EXERCISE BRIEF: The following data has a line with "line L265 (0, -5.5)" and a line with "line L295 (25, 3.5)". Write out exactly those lines and all the lines between them.

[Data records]
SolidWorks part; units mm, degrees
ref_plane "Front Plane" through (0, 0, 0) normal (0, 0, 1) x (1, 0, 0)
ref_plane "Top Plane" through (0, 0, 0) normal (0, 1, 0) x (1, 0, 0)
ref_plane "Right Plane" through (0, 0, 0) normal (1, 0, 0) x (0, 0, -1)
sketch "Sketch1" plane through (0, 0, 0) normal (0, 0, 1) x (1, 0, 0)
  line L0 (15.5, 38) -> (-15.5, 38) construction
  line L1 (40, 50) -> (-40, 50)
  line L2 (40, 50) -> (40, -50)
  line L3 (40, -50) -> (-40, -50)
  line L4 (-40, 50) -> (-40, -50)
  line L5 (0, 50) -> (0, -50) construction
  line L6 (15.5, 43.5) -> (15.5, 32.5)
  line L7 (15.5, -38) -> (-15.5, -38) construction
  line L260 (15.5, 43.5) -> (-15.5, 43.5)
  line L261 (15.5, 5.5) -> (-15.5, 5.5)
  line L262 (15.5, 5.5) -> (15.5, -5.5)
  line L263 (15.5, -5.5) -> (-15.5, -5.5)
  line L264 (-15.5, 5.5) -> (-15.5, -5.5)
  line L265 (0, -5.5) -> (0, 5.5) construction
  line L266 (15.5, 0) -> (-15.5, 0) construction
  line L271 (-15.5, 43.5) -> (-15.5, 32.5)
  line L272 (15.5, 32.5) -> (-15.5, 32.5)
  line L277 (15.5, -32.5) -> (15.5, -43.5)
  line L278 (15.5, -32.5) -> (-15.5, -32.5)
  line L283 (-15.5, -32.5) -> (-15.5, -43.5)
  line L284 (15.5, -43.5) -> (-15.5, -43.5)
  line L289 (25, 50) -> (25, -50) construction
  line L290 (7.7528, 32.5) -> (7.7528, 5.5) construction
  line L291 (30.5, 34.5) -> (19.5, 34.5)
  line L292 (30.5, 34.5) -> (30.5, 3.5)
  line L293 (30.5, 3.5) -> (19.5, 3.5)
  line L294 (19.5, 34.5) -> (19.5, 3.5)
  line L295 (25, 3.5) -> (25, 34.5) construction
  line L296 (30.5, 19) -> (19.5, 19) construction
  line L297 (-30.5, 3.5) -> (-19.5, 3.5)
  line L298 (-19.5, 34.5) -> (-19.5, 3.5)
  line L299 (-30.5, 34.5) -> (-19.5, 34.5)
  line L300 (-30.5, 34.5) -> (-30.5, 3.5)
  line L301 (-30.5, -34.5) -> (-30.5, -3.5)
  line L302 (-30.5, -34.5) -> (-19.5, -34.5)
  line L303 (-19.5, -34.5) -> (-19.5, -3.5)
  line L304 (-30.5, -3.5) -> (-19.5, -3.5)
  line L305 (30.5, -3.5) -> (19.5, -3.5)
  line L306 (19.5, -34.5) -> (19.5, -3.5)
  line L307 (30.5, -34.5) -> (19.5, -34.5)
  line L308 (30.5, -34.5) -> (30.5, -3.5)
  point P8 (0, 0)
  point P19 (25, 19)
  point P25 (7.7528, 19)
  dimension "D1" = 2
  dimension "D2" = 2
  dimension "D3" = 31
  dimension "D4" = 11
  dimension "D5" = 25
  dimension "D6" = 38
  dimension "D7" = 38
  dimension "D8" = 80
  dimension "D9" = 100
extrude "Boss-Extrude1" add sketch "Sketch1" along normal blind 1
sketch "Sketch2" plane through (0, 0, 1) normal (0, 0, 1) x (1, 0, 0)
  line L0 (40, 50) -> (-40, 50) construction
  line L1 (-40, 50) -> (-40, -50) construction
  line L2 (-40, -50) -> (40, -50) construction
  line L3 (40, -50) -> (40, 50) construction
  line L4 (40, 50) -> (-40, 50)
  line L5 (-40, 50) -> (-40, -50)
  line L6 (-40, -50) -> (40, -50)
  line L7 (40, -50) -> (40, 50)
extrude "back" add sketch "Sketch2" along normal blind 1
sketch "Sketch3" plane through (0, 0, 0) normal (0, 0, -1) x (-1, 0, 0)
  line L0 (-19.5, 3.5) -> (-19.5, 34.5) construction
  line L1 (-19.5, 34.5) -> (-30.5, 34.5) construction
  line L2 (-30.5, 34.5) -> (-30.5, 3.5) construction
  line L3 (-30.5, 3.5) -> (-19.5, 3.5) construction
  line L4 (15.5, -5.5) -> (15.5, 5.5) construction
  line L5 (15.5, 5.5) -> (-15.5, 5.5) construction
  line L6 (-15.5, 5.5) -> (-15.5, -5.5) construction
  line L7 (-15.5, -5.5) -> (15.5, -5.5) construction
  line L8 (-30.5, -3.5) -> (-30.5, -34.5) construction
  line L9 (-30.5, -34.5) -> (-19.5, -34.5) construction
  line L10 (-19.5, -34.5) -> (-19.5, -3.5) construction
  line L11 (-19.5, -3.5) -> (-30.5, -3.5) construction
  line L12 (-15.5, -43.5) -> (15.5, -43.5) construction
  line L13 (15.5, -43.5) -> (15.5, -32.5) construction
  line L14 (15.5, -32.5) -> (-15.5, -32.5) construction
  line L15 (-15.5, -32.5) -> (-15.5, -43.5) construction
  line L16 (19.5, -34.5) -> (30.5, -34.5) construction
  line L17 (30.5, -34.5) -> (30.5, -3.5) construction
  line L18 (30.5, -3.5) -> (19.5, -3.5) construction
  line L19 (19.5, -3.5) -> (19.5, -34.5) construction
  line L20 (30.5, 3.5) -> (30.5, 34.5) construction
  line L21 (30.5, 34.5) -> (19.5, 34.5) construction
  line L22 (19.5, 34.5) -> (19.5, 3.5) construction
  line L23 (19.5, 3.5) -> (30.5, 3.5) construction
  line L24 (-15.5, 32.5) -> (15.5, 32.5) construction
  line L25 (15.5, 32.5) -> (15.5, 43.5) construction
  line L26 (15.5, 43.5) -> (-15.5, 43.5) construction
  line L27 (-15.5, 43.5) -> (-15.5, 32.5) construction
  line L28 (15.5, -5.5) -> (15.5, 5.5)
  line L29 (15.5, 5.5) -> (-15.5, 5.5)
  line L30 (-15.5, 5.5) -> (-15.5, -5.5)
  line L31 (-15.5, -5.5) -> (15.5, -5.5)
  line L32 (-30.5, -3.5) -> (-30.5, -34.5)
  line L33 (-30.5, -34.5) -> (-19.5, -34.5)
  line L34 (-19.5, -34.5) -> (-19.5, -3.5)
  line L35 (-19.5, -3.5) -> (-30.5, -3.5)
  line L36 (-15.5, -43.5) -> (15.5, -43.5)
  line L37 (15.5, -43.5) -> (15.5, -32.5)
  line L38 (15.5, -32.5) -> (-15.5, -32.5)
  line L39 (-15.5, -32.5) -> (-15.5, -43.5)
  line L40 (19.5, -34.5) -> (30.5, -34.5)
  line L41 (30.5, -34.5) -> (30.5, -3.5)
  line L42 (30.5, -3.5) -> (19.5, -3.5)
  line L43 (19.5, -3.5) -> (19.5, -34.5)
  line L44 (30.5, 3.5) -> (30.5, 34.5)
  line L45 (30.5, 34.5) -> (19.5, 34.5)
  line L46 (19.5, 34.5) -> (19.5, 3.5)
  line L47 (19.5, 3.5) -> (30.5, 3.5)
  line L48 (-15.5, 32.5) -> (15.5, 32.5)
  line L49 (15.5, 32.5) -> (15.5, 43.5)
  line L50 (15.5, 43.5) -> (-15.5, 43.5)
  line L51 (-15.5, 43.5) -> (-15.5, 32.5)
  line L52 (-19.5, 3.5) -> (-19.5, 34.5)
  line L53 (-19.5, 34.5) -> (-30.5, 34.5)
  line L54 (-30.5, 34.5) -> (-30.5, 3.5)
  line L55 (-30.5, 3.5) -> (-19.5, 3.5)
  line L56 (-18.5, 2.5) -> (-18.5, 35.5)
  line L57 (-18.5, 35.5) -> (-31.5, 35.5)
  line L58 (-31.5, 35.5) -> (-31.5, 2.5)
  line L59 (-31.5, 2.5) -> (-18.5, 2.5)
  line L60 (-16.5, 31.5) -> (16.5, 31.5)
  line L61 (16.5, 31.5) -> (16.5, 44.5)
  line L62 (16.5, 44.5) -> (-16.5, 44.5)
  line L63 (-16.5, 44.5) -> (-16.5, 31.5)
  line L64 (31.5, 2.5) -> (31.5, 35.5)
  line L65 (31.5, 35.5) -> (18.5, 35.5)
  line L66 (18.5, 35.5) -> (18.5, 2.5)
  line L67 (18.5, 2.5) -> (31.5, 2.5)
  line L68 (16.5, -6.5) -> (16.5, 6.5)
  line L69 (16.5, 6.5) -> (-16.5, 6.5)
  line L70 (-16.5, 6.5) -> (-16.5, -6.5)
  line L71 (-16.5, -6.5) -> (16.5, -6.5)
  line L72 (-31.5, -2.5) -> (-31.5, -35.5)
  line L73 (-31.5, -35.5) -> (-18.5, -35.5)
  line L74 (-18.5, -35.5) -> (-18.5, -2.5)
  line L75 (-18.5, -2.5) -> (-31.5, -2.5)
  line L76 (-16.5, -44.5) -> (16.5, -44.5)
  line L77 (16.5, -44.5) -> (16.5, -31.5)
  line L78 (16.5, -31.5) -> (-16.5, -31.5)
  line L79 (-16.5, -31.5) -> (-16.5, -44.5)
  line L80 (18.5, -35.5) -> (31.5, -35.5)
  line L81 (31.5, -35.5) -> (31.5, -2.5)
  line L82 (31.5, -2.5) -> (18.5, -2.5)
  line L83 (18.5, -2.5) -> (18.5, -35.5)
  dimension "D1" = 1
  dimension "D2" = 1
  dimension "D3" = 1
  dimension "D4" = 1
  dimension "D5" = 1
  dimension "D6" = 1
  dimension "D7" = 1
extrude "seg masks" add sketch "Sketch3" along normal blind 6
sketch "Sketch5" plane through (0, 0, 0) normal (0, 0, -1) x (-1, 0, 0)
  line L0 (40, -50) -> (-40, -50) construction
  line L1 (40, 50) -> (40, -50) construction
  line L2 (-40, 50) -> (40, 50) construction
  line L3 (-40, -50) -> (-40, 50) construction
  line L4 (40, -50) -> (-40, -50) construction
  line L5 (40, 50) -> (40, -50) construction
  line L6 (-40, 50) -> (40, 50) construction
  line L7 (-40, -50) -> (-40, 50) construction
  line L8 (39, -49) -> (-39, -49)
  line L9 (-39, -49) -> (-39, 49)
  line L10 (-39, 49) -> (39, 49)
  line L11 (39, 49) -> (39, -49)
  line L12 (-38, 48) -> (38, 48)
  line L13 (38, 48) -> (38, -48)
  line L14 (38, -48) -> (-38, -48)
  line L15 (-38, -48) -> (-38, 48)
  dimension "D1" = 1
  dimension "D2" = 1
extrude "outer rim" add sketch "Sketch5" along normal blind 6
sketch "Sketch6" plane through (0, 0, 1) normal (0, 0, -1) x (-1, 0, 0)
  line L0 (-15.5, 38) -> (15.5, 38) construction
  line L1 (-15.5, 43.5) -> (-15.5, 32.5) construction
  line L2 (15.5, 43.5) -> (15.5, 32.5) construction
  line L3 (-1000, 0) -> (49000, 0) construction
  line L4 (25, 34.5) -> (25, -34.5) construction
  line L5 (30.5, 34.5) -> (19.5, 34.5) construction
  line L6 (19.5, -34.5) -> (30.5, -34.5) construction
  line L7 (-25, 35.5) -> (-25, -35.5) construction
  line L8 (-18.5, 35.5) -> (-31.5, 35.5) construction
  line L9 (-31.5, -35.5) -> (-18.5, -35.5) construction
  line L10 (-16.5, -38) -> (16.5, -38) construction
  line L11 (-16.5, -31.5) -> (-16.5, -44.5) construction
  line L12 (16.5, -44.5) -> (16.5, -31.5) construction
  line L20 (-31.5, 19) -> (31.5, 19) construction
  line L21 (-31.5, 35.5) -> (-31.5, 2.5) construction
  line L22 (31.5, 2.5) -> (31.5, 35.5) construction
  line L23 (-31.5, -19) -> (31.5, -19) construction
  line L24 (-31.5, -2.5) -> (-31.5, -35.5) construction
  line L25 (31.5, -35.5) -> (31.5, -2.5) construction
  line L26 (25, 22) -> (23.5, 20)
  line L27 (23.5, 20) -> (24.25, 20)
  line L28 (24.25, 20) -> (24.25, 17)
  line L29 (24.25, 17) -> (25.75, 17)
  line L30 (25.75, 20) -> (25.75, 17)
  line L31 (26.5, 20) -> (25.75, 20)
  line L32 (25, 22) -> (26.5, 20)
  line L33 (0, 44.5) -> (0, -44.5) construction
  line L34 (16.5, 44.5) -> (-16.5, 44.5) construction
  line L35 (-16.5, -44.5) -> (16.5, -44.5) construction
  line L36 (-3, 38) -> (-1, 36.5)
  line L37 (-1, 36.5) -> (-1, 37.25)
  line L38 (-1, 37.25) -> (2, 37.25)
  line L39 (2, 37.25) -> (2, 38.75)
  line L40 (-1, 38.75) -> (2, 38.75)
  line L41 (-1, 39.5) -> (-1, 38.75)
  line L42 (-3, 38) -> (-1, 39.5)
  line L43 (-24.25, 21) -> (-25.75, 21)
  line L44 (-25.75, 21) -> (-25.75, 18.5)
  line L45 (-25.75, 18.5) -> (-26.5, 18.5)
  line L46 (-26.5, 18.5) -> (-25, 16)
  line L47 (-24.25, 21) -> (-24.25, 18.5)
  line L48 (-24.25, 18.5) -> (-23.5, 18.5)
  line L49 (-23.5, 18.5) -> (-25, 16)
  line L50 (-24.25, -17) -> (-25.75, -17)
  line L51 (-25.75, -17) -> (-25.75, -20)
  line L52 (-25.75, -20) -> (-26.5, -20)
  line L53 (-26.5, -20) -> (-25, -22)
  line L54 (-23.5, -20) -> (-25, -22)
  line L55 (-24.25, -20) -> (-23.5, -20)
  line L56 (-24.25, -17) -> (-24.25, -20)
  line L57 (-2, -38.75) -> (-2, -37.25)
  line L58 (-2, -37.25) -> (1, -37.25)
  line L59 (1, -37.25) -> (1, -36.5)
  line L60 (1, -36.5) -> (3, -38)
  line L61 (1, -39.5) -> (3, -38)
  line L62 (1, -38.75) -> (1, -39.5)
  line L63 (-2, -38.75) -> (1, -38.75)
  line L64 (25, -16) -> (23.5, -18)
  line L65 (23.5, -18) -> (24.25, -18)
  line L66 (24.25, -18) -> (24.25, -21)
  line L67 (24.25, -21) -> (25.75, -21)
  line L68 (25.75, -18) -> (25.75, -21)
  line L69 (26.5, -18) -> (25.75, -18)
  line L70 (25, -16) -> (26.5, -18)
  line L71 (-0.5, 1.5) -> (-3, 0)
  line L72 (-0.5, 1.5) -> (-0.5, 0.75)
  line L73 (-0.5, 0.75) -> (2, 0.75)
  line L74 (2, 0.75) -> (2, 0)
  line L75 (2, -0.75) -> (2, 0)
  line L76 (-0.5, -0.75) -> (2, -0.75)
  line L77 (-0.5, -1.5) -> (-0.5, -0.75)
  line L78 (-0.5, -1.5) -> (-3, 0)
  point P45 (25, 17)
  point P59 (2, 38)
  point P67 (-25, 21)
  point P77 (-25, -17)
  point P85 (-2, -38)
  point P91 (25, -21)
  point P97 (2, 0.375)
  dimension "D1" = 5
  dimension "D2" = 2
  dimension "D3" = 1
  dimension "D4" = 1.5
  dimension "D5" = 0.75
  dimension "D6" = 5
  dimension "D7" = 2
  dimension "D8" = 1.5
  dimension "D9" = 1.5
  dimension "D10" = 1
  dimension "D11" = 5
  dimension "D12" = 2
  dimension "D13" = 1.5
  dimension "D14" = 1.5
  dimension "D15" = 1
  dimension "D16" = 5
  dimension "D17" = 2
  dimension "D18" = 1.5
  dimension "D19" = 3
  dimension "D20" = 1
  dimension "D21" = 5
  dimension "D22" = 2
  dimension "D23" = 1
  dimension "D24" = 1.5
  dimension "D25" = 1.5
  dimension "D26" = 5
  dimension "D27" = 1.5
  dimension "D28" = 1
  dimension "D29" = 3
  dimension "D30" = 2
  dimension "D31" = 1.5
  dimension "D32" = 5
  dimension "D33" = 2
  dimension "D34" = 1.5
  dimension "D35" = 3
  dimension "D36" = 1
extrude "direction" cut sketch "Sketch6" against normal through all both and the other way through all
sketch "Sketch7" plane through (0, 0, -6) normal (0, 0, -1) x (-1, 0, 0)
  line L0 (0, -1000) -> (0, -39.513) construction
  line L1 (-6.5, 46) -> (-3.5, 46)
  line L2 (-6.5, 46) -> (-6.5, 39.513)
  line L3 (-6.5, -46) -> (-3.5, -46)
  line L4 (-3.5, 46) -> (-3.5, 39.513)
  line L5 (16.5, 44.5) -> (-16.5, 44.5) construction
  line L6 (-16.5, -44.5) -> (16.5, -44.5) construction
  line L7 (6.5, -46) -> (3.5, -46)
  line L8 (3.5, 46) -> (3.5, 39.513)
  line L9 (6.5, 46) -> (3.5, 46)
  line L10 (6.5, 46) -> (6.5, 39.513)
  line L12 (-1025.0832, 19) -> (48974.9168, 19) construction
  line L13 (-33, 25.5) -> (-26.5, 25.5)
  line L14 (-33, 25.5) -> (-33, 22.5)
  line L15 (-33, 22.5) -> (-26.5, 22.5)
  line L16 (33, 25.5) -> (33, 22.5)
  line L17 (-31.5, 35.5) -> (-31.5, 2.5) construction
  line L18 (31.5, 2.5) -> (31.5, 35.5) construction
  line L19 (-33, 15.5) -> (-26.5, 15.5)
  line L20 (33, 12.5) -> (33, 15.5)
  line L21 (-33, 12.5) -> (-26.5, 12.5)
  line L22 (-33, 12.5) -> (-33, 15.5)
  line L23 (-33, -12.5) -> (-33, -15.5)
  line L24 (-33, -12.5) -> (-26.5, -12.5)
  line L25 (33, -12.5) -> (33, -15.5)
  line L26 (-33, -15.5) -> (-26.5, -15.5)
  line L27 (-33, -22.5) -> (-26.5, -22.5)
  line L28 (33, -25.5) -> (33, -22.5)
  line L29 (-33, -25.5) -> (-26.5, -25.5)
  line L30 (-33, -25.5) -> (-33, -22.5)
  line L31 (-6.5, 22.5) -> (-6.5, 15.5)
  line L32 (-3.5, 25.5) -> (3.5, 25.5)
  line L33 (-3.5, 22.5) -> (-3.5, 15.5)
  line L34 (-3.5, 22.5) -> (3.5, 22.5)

SOLUTION TO THE EXERCISE:
  line L265 (0, -5.5) -> (0, 5.5) construction
  line L266 (15.5, 0) -> (-15.5, 0) construction
  line L271 (-15.5, 43.5) -> (-15.5, 32.5)
  line L272 (15.5, 32.5) -> (-15.5, 32.5)
  line L277 (15.5, -32.5) -> (15.5, -43.5)
  line L278 (15.5, -32.5) -> (-15.5, -32.5)
  line L283 (-15.5, -32.5) -> (-15.5, -43.5)
  line L284 (15.5, -43.5) -> (-15.5, -43.5)
  line L289 (25, 50) -> (25, -50) construction
  line L290 (7.7528, 32.5) -> (7.7528, 5.5) construction
  line L291 (30.5, 34.5) -> (19.5, 34.5)
  line L292 (30.5, 34.5) -> (30.5, 3.5)
  line L293 (30.5, 3.5) -> (19.5, 3.5)
  line L294 (19.5, 34.5) -> (19.5, 3.5)
  line L295 (25, 3.5) -> (25, 34.5) construction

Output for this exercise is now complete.